Task directions
Word for word, print each line of the listing below; pictures stay out.

Exercise material
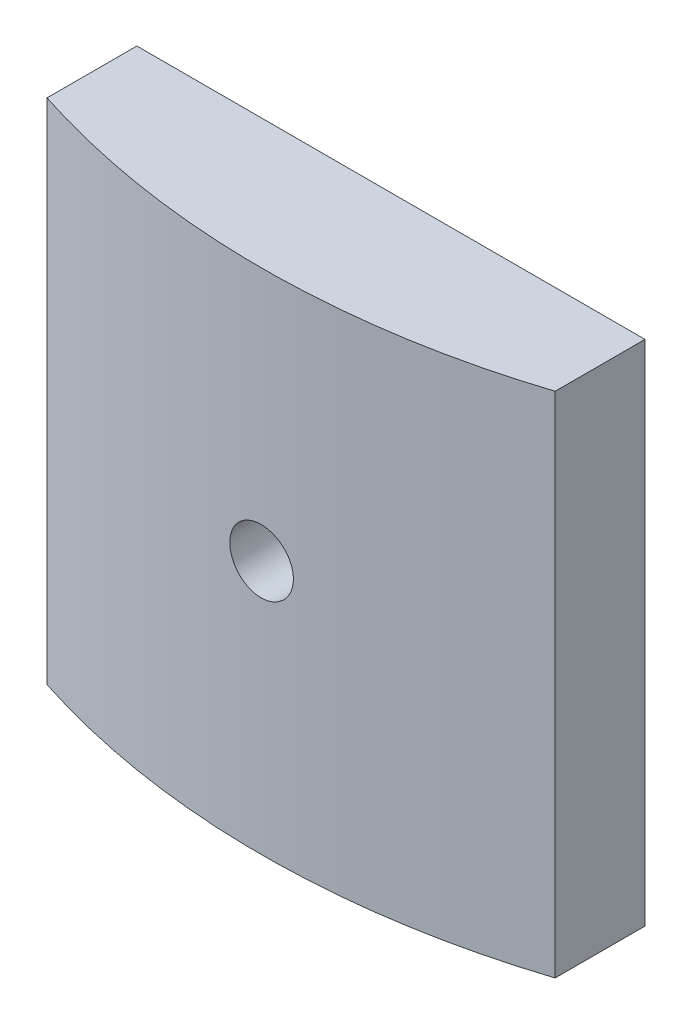
SolidWorks part; units mm, degrees
material "ABS"
ref_plane "Front Plane" through (0, 0, 0) normal (0, 0, 1) x (1, 0, 0)
ref_plane "Top Plane" through (0, 0, 0) normal (0, 1, 0) x (1, 0, 0)
ref_plane "Right Plane" through (0, 0, 0) normal (1, 0, 0) x (0, 0, -1)
sketch "Sketch2" plane through (0, 0, 0) normal (0, 1, 0) x (1, 0, 0)
  line L1 (-17.5, -27.3861) -> (17.5, -27.3861) construction
  line L2 (0, 0) -> (0, -60.5871) construction
  line L3 (0, -27.3861) -> (-10, -27.3861)
  line L4 (0, -27.3861) -> (10, -27.3861)
  line L7 (-10, -27.3861) -> (-10, -30.9233)
  line L8 (10, -27.3861) -> (10, -30.9233)
  circle A2 centre (0, 0) radius 32.5 construction
  arc A3 (-10, -30.9233) -> (10, -30.9233) centre (0, 0) ccw
  point P11 (0, -32.5)
  point P12 (0, -27.3861)
  dimension "D5" = 65
  dimension "D2" = 35
  dimension "D3" = 10
  dimension "D4" = 10
extrude "Boss-Extrude1" add sketch "Sketch2" along normal blind 20 contours L3 L7 A3 L8 L4
sketch "Sketch3" plane through (0, 0, 27.3861) normal (0, 0, -1) x (-1, 0, 0)
  line L0 (-10, 0) -> (10, 20) construction
  line L1 (-10, 20) -> (10, 0) construction
  circle A0 centre (0, 10) radius 1.25
  dimension "D1" = 2.5
extrude "Cut-Extrude1" cut sketch "Sketch3" against normal blind 20
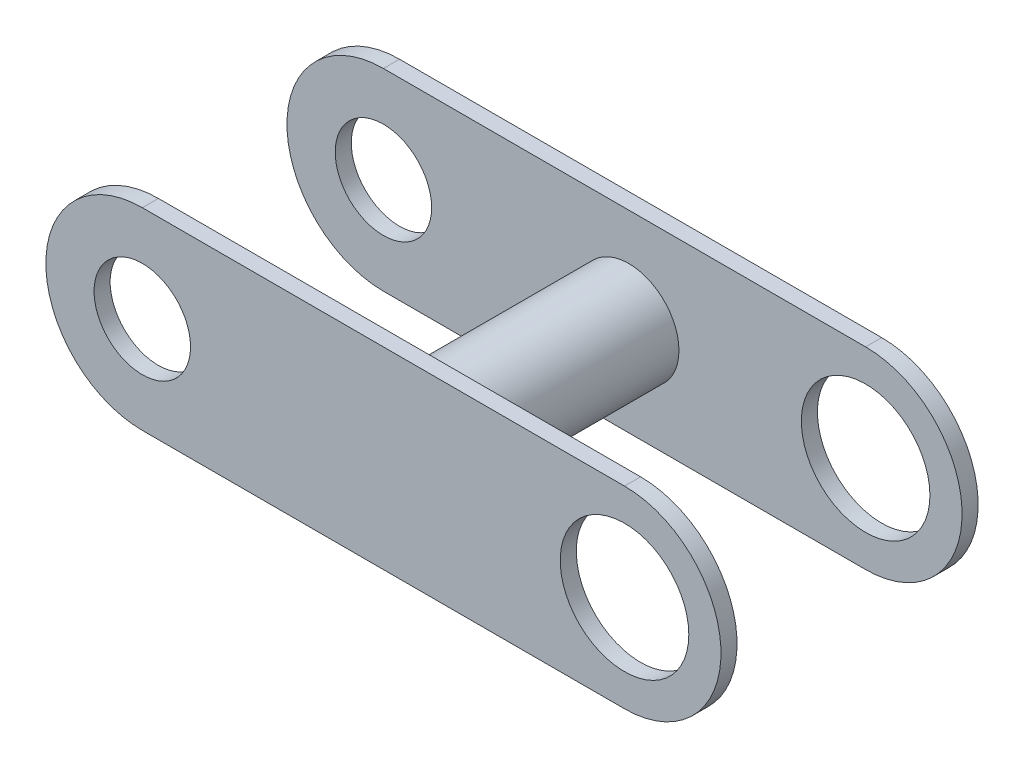
SolidWorks part; units mm, degrees
ref_plane "前视基准面" through (0, 0, 0) normal (0, 0, 1) x (1, 0, 0)
ref_plane "上视基准面" through (0, 0, 0) normal (0, 1, 0) x (1, 0, 0)
ref_plane "右视基准面" through (0, 0, 0) normal (1, 0, 0) x (0, 0, -1)
sketch "草图1" plane through (0, 0, 0) normal (0, 0, 1) x (1, 0, 0)
  line L0 (-31.5987, 0) -> (118.4013, 0) construction
  line L1 (-31.5987, 30) -> (118.4013, 30)
  line L2 (-31.5987, -30) -> (118.4013, -30)
  arc A0 (-31.5987, 30) -> (-31.5987, -30) centre (-31.5987, 0) ccw
  arc A1 (118.4013, -30) -> (118.4013, 30) centre (118.4013, 0) ccw
  circle A2 centre (-31.5987, 0) radius 15
  circle A3 centre (118.4013, 0) radius 20
  point P3 (43.4013, 0)
  dimension "D3" = 30
  dimension "D4" = 40
  dimension "D1" = 150
  dimension "D2" = 60
extrude "凸台-拉伸1" add sketch "草图1" along normal blind 5
sketch "草图2" plane through (0, 0, 5) normal (0, 0, 1) x (1, 0, 0)
  circle A0 centre (44.7134, 0) radius 15.6199
extrude "凸台-拉伸2" add sketch "草图2" along normal blind 70
pattern_linear "阵列(线性)1" count 2 spacing 75 along (0, 0, 1) of "凸台-拉伸1"

Output below
SolidWorks part; units mm, degrees
material "ABS"
ref_plane "Front Plane" through (0, 0, 0) normal (0, 0, 1) x (1, 0, 0)
ref_plane "Top Plane" through (0, 0, 0) normal (0, 1, 0) x (1, 0, 0)
ref_plane "Right Plane" through (0, 0, 0) normal (1, 0, 0) x (0, 0, -1)
sketch "Sketch2" plane through (0, 0, 0) normal (0, 1, 0) x (1, 0, 0)
  line L1 (-17.5, -27.3861) -> (17.5, -27.3861) construction
  line L2 (0, 0) -> (0, -60.5871) construction
  line L3 (0, -27.3861) -> (-10, -27.3861)
  line L4 (0, -27.3861) -> (10, -27.3861)
  line L7 (-10, -27.3861) -> (-10, -30.9233)
  line L8 (10, -27.3861) -> (10, -30.9233)
  circle A2 centre (0, 0) radius 32.5 construction
  arc A3 (-10, -30.9233) -> (10, -30.9233) centre (0, 0) ccw
  point P11 (0, -32.5)
  point P12 (0, -27.3861)
  dimension "D5" = 65
  dimension "D2" = 35
  dimension "D3" = 10
  dimension "D4" = 10
extrude "Boss-Extrude1" add sketch "Sketch2" along normal blind 20 contours L3 L7 A3 L8 L4
sketch "Sketch3" plane through (0, 0, 27.3861) normal (0, 0, -1) x (-1, 0, 0)
  line L0 (-10, 0) -> (10, 20) construction
  line L1 (-10, 20) -> (10, 0) construction
  circle A0 centre (0, 10) radius 1.25
  dimension "D1" = 2.5
extrude "Cut-Extrude1" cut sketch "Sketch3" against normal blind 20
SolidWorks part; units mm, degrees
ref_plane "前视基准面" through (0, 0, 0) normal (0, 0, 1) x (1, 0, 0)
ref_plane "上视基准面" through (0, 0, 0) normal (0, 1, 0) x (1, 0, 0)
ref_plane "右视基准面" through (0, 0, 0) normal (1, 0, 0) x (0, 0, -1)
sketch "草图1" plane through (0, 0, 0) normal (0, 0, 1) x (1, 0, 0)
  line L0 (-31.5987, 0) -> (118.4013, 0) construction
  line L1 (-31.5987, 30) -> (118.4013, 30)
  line L2 (-31.5987, -30) -> (118.4013, -30)
  arc A0 (-31.5987, 30) -> (-31.5987, -30) centre (-31.5987, 0) ccw
  arc A1 (118.4013, -30) -> (118.4013, 30) centre (118.4013, 0) ccw
  circle A2 centre (-31.5987, 0) radius 15
  circle A3 centre (118.4013, 0) radius 20
  point P3 (43.4013, 0)
  dimension "D3" = 30
  dimension "D4" = 40
  dimension "D1" = 150
  dimension "D2" = 60
extrude "凸台-拉伸1" add sketch "草图1" along normal blind 5
sketch "草图2" plane through (0, 0, 5) normal (0, 0, 1) x (1, 0, 0)
  circle A0 centre (44.7134, 0) radius 15.6199
extrude "凸台-拉伸2" add sketch "草图2" along normal blind 70
pattern_linear "阵列(线性)1" count 2 spacing 75 along (0, 0, 1) of "凸台-拉伸1"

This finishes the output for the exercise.